PEDIATRIC PATIENTS < 40 KG
·        URIs, GU infections, skin, and soft-tissue infections: 20–40 mg/kg/day PO in divided doses q 8 hr.
·        Post-exposure anthrax prophylaxis: 80 mg/kg/day PO divided into 3 doses.
·        Prevention of SBE: Dental, oral, or upper respiratory procedures: 50 mg/kg 1 hr before procedure.
·        Prevention of SBE in GI or GU procedures: 50 mg/kg ampicillin plus 2 mg/kg gentamicin IM or IV 30 min before procedure followed by 25 mg/kg amoxicillin.
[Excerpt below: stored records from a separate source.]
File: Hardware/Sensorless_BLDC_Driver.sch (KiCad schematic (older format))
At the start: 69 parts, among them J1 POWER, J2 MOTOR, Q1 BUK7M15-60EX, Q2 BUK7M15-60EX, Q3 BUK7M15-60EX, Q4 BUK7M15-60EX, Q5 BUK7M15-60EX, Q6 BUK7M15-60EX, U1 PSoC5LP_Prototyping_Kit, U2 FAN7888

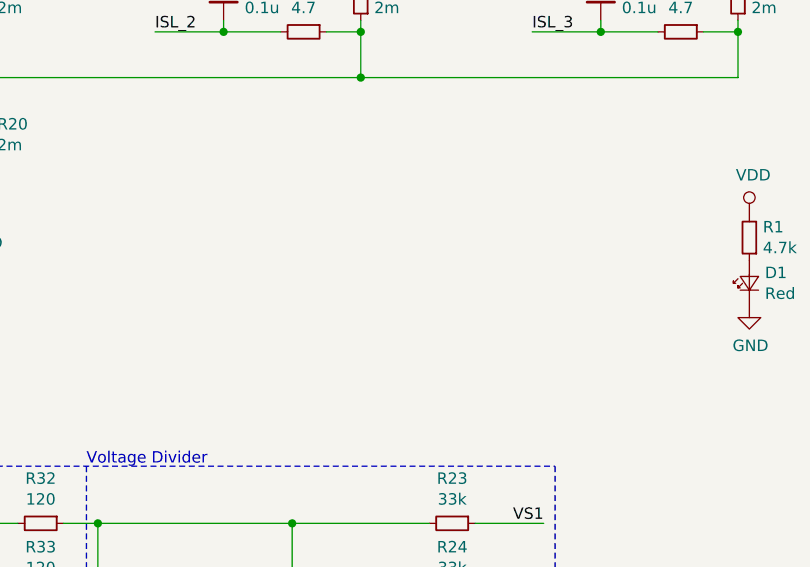
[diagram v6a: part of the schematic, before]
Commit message: [add] add VDD feedback
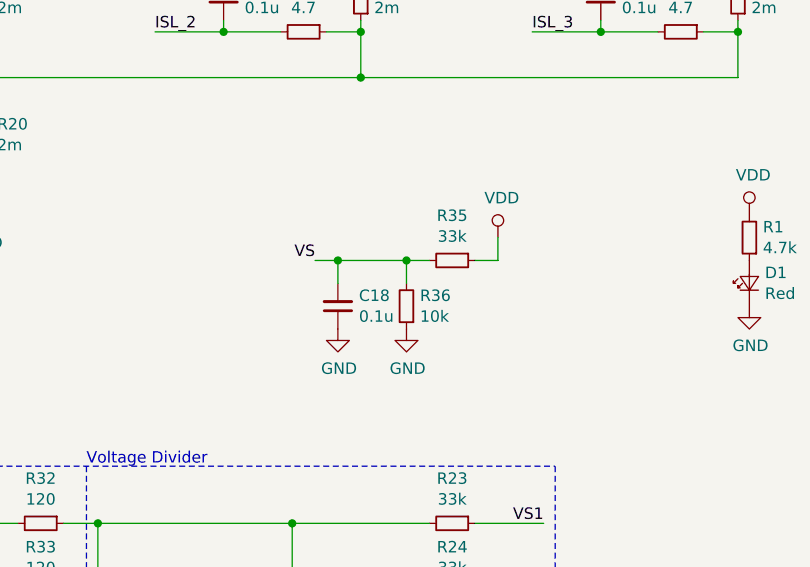
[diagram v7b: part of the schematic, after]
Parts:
- added C18: 0.1u, Capacitor_SMD:C_0402_1005Metric, symbol Device:C_Small
- added R35: 33k, Resistor_SMD:R_0402_1005Metric, symbol Device:R_Small
- added R36: 10k, Resistor_SMD:R_0402_1005Metric, symbol Device:R_Small
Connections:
- net GND: now also C18.1, R36.1
- net VDD: now also R35.1
- new net VS: C18.2, R35.2, R36.2
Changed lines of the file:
@@
 Connection ~ 8650 750
 $Comp
-L power:GND #PWR?
+L power:GND #PWR0102
 U 1 1 5EC07216
 P 8950 950
-F 0 "#PWR?" H 8950 700 50  0001 C CNN
+F 0 "#PWR0102" H 8950 700 50  0001 C CNN
 F 1 "GND" H 8955 777 50  0000 C CNN
 F 2 "" H 8950 950 50  0001 C CNN
@@
 $EndComp
 $Comp
-L power:VDD #PWR?
+L power:VDD #PWR0103
 U 1 1 5EC07660
 P 7000 750
-F 0 "#PWR?" H 7000 600 50  0001 C CNN
+F 0 "#PWR0103" H 7000 600 50  0001 C CNN
 F 1 "VDD" H 7017 923 50  0000 C CNN
 F 2 "" H 7000 750 50  0001 C CNN
@@
 Connection ~ 7000 750
 $Comp
-L power:GND #PWR?
+L power:GND #PWR0121
 U 1 1 5EC07673
 P 7300 950
-F 0 "#PWR?" H 7300 700 50  0001 C CNN
+F 0 "#PWR0121" H 7300 700 50  0001 C CNN
 F 1 "GND" H 7305 777 50  0000 C CNN
 F 2 "" H 7300 950 50  0001 C CNN
@@
 $EndComp
 $Comp
-L power:VDD #PWR?
+L power:VDD #PWR0122
 U 1 1 5EC111A3
 P 5350 750
-F 0 "#PWR?" H 5350 600 50  0001 C CNN
+F 0 "#PWR0122" H 5350 600 50  0001 C CNN
 F 1 "VDD" H 5367 923 50  0000 C CNN
 F 2 "" H 5350 750 50  0001 C CNN
@@
 Connection ~ 5350 750
 $Comp
-L power:GND #PWR?
+L power:GND #PWR0125
 U 1 1 5EC111B6
 P 5650 950
-F 0 "#PWR?" H 5650 700 50  0001 C CNN
+F 0 "#PWR0125" H 5650 700 50  0001 C CNN
 F 1 "GND" H 5655 777 50  0000 C CNN
 F 2 "" H 5650 950 50  0001 C CNN
@@
 	-1   0    0    1
 $EndComp
+$Comp
+L Device:R_Small R35
+U 1 1 5EC26916
+P 7400 3450
+F 0 "R35" V 7204 3450 50  0000 C CNN
+F 1 "33k" V 7295 3450 50  0000 C CNN
+F 2 "Resistor_SMD:R_0402_1005Metric" H 7400 3450 50  0001 C CNN
+F 3 "https://www.mouser.jp/datasheet/2/315/AOA0000C304-1149620.pdf" H 7400 3450 50  0001 C CNN
+F 4 "mouser" H 0   -1150 50  0001 C CNN "Agency"
+F 5 "https://www.mouser.jp/ProductDetail/Panasonic/ERJ-2RKF3302X?qs=sGAEpiMZZMvdGkrng054t8AJgcdMkx7xChk6hee14qQ=" H 0   -1150 50  0001 C CNN "Link"
+F 6 "ERJ-2RKF3302X" H 0   -1150 50  0001 C CNN "MPN"
+	1    7400 3450
+	0    1    1    0
+$EndComp
+$Comp
+L Device:R_Small R36
+U 1 1 5EC26C1E
+P 7200 3650
+F 0 "R36" H 7141 3604 50  0000 R CNN
+F 1 "10k" H 7141 3695 50  0000 R CNN
+F 2 "Resistor_SMD:R_0402_1005Metric" H 7200 3650 50  0001 C CNN
+F 3 "https://b2b-api.panasonic.eu/file_stream/pids/fileversion/1242" H 7200 3650 50  0001 C CNN
+F 4 "Digikey" H 500 -1850 50  0001 C CNN "Agency"
+F 5 "https://www.digikey.jp/product-detail/ja/panasonic-electronic-components/ERJ-2GEJ103X/P10KJCT-ND/146734" H 500 -1850 50  0001 C CNN "Link"
+F 6 "ERJ-2GEJ103X" H 500 -1850 50  0001 C CNN "MPN"
+	1    7200 3650
+	-1   0    0    1
+$EndComp
+$Comp
+L power:GND #PWR?
+U 1 1 5EC3107B
+P 7200 3750
+F 0 "#PWR?" H 7200 3500 50  0001 C CNN
+F 1 "GND" H 7205 3577 50  0000 C CNN
+F 2 "" H 7200 3750 50  0001 C CNN
+F 3 "" H 7200 3750 50  0001 C CNN
+	1    7200 3750
+	1    0    0    -1
+$EndComp
+$Comp
+L power:VDD #PWR?
+U 1 1 5EC31114
+P 7600 3350
+F 0 "#PWR?" H 7600 3200 50  0001 C CNN
+F 1 "VDD" H 7617 3523 50  0000 C CNN
+F 2 "" H 7600 3350 50  0001 C CNN
+F 3 "" H 7600 3350 50  0001 C CNN
+	1    7600 3350
+	1    0    0    -1
+$EndComp
+Wire Wire Line
+	7600 3350 7600 3450
+Wire Wire Line
+	7600 3450 7500 3450
+Wire Wire Line
+	7200 3550 7200 3450
+Wire Wire Line
+	7200 3450 7300 3450
+Connection ~ 7200 3450
+Text Label 6800 3450 2    50   ~ 0
+VS
+$Comp
+L Device:C_Small C18
+U 1 1 5EC64C4E
+P 6900 3650
+F 0 "C18" H 6808 3604 50  0000 R CNN
+F 1 "0.1u" H 6808 3695 50  0000 R CNN
+F 2 "Capacitor_SMD:C_0402_1005Metric" H 6900 3650 50  0001 C CNN
+F 3 "https://search.murata.co.jp/Ceramy/image/img/A01X/G101/ENG/GRM155R62A104KE14-01.pdf" H 6900 3650 50  0001 C CNN
+F 4 "Digikey" H 500 1350 50  0001 C CNN "Agency"
+F 5 "https://www.digikey.jp/product-detail/ja/murata-electronics/GRM155R62A104KE14D/490-10458-1-ND/5026370" H 500 1350 50  0001 C CNN "Link"
+F 6 "GRM155R62A104KE14D" H 500 1350 50  0001 C CNN "MPN"
+	1    6900 3650
+	-1   0    0    1
+$EndComp
+Wire Wire Line
+	6800 3450 6900 3450
+Wire Wire Line
+	6900 3450 6900 3550
+Connection ~ 6900 3450
+Wire Wire Line
+	6900 3450 7200 3450
+$Comp
+L power:GND #PWR?
+U 1 1 5EC84488
+P 6900 3750
+F 0 "#PWR?" H 6900 3500 50  0001 C CNN
+F 1 "GND" H 6905 3577 50  0000 C CNN
+F 2 "" H 6900 3750 50  0001 C CNN
+F 3 "" H 6900 3750 50  0001 C CNN
+	1    6900 3750
+	1    0    0    -1
+$EndComp
 $EndSCHEMATC

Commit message: [update] change power connector from DF63 to DF22
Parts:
- J1: footprint Connector_Hirose:Hirose_DF63M-2P-3.96DSA_1x02_P3.96mm_Vertical -> KUTKiCad_footprint:Hirose_DF22_DF22x-2P-7.92DSA_1x02_P7.92mm_Vertical; Agency mouser -> (none); Link https://www.mouser.jp/ProductDetail/Hirose-Connector/DF63M-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 -> (none); MPN DF63M-2P-3.96DSA -> DF22-3P-7.92DSA
- J2: footprint Connector_Hirose:Hirose_DF63M-3P-3.96DSA_1x03_P3.96mm_Vertical -> KUTKiCad_footprint:Hirose_DF22_DF22x-3P-7.92DSA_1x03_P7.92mm_Vertical; Agency mouser -> (none); Link https://www.mouser.jp/ProductDetail/Hirose-Connector/DF63M-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 -> (none); MPN DF63M-3P-3.96DSA -> DF22-3P-7.92DSA
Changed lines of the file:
@@
 F 0 "J2" H 10023 3730 50  0000 R CNN
 F 1 "MOTOR" H 10023 3821 50  0000 R CNN
-F 2 "Connector_Hirose:Hirose_DF63M-3P-3.96DSA_1x03_P3.96mm_Vertical" H 10050 3800 50  0001 C CNN
-F 3 "https://www.hirose.com/product/document?clcode=&productname=&series=DF63&documenttype=Catalog&lang=en&documentid=D31622_ja" H 10050 3800 50  0001 C CNN
-F 4 "mouser" H 0   0   50  0001 C CNN "Agency"
-F 5 "https://www.mouser.jp/ProductDetail/Hirose-Connector/DF63M-3P-396DSA?qs=sGAEpiMZZMvlX3nhDDO4ADf%252Bp9sbtHSJ34uorugIvF4%3D" H 0   0   50  0001 C CNN "Link"
-F 6 "DF63M-3P-3.96DSA" H 0   0   50  0001 C CNN "MPN"
+F 2 "KUTKiCad_footprint:Hirose_DF22_DF22x-3P-7.92DSA_1x03_P7.92mm_Vertical" H 10050 3800 50  0001 C CNN
+F 3 "" H 10050 3800 50  0001 C CNN
+F 4 "DF22-3P-7.92DSA" H 0   0   50  0001 C CNN "MPN"
 	1    10050 3800
 	-1   0    0    1
@@
 F 0 "J1" H 10022 3073 50  0000 R CNN
 F 1 "POWER" H 10022 2982 50  0000 R CNN
-F 2 "Connector_Hirose:Hirose_DF63M-2P-3.96DSA_1x02_P3.96mm_Vertical" H 10050 3100 50  0001 C CNN
-F 3 "https://www.hirose.com/product/document?clcode=&productname=&series=DF63&documenttype=Catalog&lang=en&documentid=D31622_ja" H 10050 3100 50  0001 C CNN
-F 4 "mouser" H 0   0   50  0001 C CNN "Agency"
-F 5 "https://www.mouser.jp/ProductDetail/Hirose-Connector/DF63M-2P-396DSA?qs=sGAEpiMZZMuyN6ZGvFhteTZk7n8ferJ4dPrvZ0xUyi6TkXnGsFceHw%3D%3D" H 0   0   50  0001 C CNN "Link"
-F 6 "DF63M-2P-3.96DSA" H 0   0   50  0001 C CNN "MPN"
+F 2 "KUTKiCad_footprint:Hirose_DF22_DF22x-2P-7.92DSA_1x02_P7.92mm_Vertical" H 10050 3100 50  0001 C CNN
+F 3 "" H 10050 3100 50  0001 C CNN
+F 4 "DF22-3P-7.92DSA" H 0   0   50  0001 C CNN "MPN"
 	1    10050 3100
 	-1   0    0    -1

For moderate-risk patients, 50 mg/kg PO 1 hr before procedure.
PEDIATRIC PATIENTS < 12 WK
Up to 30 mg/kg daily in divided doses q 12 hr.
PEDIATRIC PATIENTS > 3 MO
·        Mild to moderate URIs, GU infections, and skin infections: 20 mg/kg daily in divided doses q 8 hr or 25 mg/kg in divided doses q 12 hr.
·        For lower respiratory infections, or severe URIs, GU, or skin infections: 40 mg/kg daily in divided doses q 8 hr or 45 mg/kg daily in divided doses q 12 hr.

Pharmacokinetics
Route
Onset
Peak
Duration
Oral
Varies
1 hr
6–8 hr

Metabolism: T1/2: 1–1.4 hr
Distribution: Crosses placenta; enters breast milk
Excretion: Urine, unchanged

Adverse effects
·        CNS: Lethargy, hallucinations, seizures
·        GI: Glossitis, stomatitis, gastritis, sore mouth, furry tongue, black "hairy" tongue, nausea, vomiting, diarrhea, abdominal pain, bloody diarrhea, enterocolitis, pseudomembranous colitis, nonspecific hepatitis
·        GU: Nephritis
·        Hematologic: Anemia, thrombocytopenia, leukopenia, neutropenia, prolonged bleeding time
·        Hypersensitivity: Rash, fever, wheezing, anaphylaxis
·        Other: Superinfections—oral and rectal moniliasis, vaginitis

Interactions
·        Increased effect with probenecid
·        Decreased effectiveness with tetracyclines, chloramphenicol
·        Decreased efficacy of hormonal contraceptives
·        Delayed or reduced GI absorption with food

Nursing considerations
Assessment
·        History: Allergies to penicillins, cephalosporins, or other allergens; renal disorders; lactation
·        Physical: Culture infected area; skin color, lesion; R, adventitious sounds; bowel sounds; CBC, LFTs, renal function tests, serum electrolytes, Hct, urinalysis

Interventions
·        Culture infected area prior to treatment; reculture area if response is not as expected.
·        Give in oral preparations only; amoxicillin is not affected by food.
·        Continue therapy for at least 2 days after signs of infection have disappeared; continuation for 10 full days is recommended.
·        Use corticosteroids, antihistamines for skin reactions.

Teaching points
·        Take this drug around-the-clock.
·        Take the full course of therapy; do not stop because you feel better.
·        This antibiotic is specific for this problem and should not be used to self-treat other infections.
·        You may experience these side effects: Nausea, vomiting, GI upset (eat frequent small meals); diarrhea; sore mouth (frequent mouth care may help).
·        Report unusual bleeding or bruising, sore throat, fever, rash, hives, severe diarrhea, difficulty breathing.

Adverse effects in Italic are most common; those in Bold are life-threatening.